Mary tranquilly explained to me what had happened. When she had finished I stared at her intently but not because of anything striking or startling in her explanation. Indeed, although I was able, a few minutes later, to
reassemble
what she had said (the impress, as it were, of her words still being sufficiently fresh), while she spoke I hardly heard her. I had been suddenly struck by her manner, by nervous timid, prudish Mary calmly and objectively talking to me about pregnancies and abortions. And now I would have to answer her in the same responsible way. This was new. It was not ‘Mary, Mary quite contrary' being teased by, or furiously rebuking, her mischievous younger brother, but two adults discussing an adult situation.
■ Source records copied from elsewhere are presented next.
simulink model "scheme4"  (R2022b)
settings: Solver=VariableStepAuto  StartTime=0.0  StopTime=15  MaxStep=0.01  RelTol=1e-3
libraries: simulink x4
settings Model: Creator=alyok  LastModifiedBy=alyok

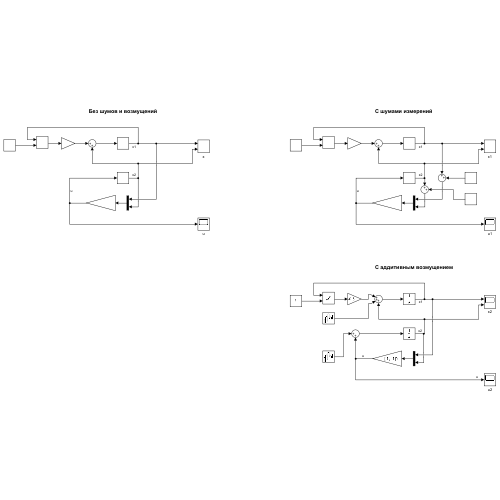
[thumbnail: Simulink's stored preview of the top-level diagram]
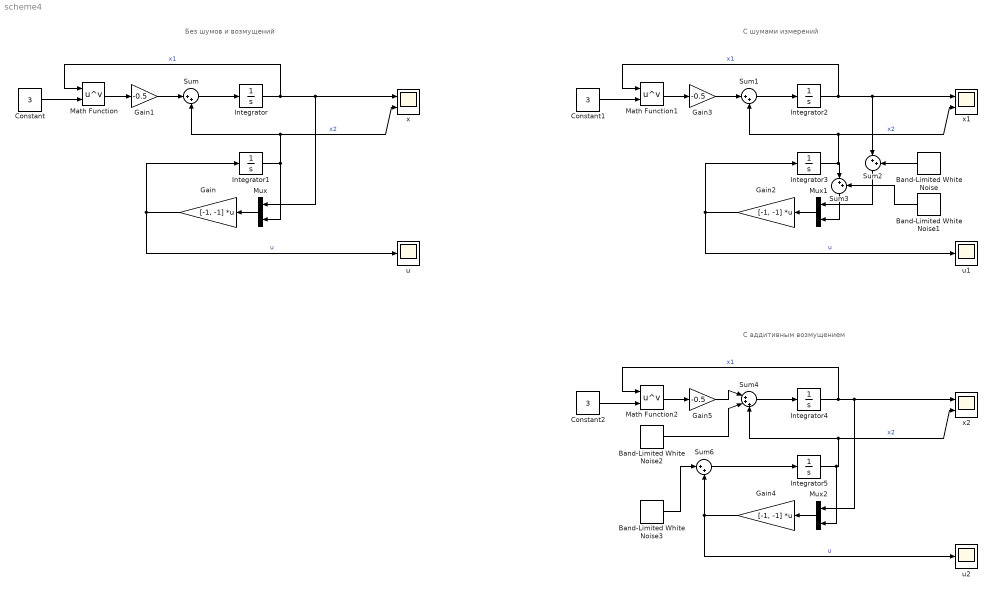
== system scheme4 ==
  note: Без шумов и возмущений
  note: С шумами измерений
  note: С аддитивным возмущением
  Band-Limited White Noise{,1..3} (4 alike) : simulink/Sources/Band-Limited White Noise  Cov=[0.0001]  Ts=0.01  seed=[23341]
  Constant : Constant  Value=3
  Constant1 : Constant  Value=3
  Constant2 : Constant  Value=3
  Gain : Gain  Gain=[-1, -1]  Multiplication=Matrix(K*u)
  Gain1 : Gain  Gain=-0.5
  Gain2 : Gain  Gain=[-1, -1]  Multiplication=Matrix(K*u)
  Gain3 : Gain  Gain=-0.5
  Gain4 : Gain  Gain=[-1, -1]  Multiplication=Matrix(K*u)
  Gain5 : Gain  Gain=-0.5
  Integrator{,1..5} (6 alike) : Integrator  InitialCondition=1
  Math Function : Math  Operator=pow
  Math Function1 : Math  Operator=pow
  Math Function2 : Math  Operator=pow
  Mux : Mux  Inputs=2
  Mux1 : Mux  Inputs=2
  Mux2 : Mux  Inputs=2
  Sum{,1..3,6} (5 alike) : Sum  Inputs=|++
  Sum4 : Sum  Inputs=|+++
  u : Scope
  u1 : Scope
  u2 : Scope
  x : Scope  NumInputPorts=2
  x1 : Scope  NumInputPorts=2
  x2 : Scope  NumInputPorts=2
  wires:
  Sum/1 -> Integrator/1
  Integrator1/1 -> Sum/2, x/2, Mux/2  "x2"
  Gain/1 -> Integrator1/1, u/1  "u"
  Math Function/1 -> Gain1/1
  Integrator/1 -> Mux/1, x/1, Math Function/1  "x1"
  Constant/1 -> Math Function/2
  Gain1/1 -> Sum/1
  Mux/1 -> Gain/1
  Constant1/1 -> Math Function1/2
  Gain3/1 -> Sum1/1
  Mux1/1 -> Gain2/1
  Math Function1/1 -> Gain3/1
  Gain2/1 -> Integrator3/1, u1/1  "u"
  Integrator2/1 -> x1/1, Sum2/1, Math Function1/1  "x1"
  Sum1/1 -> Integrator2/1
  Integrator3/1 -> Sum3/1, Sum1/2, x1/2  "x2"
  Band-Limited White Noise/1 -> Sum2/2
  Sum2/1 -> Mux1/1
  Sum3/1 -> Mux1/2
  Band-Limited White Noise1/1 -> Sum3/2
  Integrator4/1 -> Mux2/1, x2/1, Math Function2/1  "x1"
  Band-Limited White Noise3/1 -> Sum6/1
  Band-Limited White Noise2/1 -> Sum4/2
  Gain4/1 -> u2/1, Sum6/2  "u"
  Math Function2/1 -> Gain5/1
  Gain5/1 -> Sum4/1
  Mux2/1 -> Gain4/1
  Constant2/1 -> Math Function2/2
  Integrator5/1 -> Mux2/2, Sum4/3, x2/2  "x2"
  Sum4/1 -> Integrator4/1
  Sum6/1 -> Integrator5/1

And having become aware of this, I lost my moorings, found waves of inadequacy and self-consciousness suffusing me, as if her objective air effortlessly transcended, and so implicitly dismissed, all our past relationship.

I wondered about it as I walked, a little later, along beside the river, or rather between the two rivers, that of the polluted Thames, rich in typhoid, sluggish with flotsam and sewage, and the other river of cars and motor-bikes and lorries, flowing just as remorselessly, as much a product of nature, drumming and swishing on the other side of me. How?—a few months of married life, being pregnant,
having
now had sexual intercourse? Does all that maturity lurk in every pigtailed, squeamish country girl? Yes, yes,
perhaps
, of course, it does. I suddenly thought: ‘I knew Mary and then I went away and read a lot, and experienced a little, about the world and I imagined the two were different. And now it seems that Mary is the world. Why don't things stay the same, so that one can finally grasp them? Why is everything, always, changing?'

She had told me that Edna had had an abortion, financed by the
restaurateur
with a villain's name, a name of classical villainy, Roger Slatterley, who ran a swank restaurant near a sea-bathing, resort town on the South coast where Edna was employed as an assistant in a research laboratory.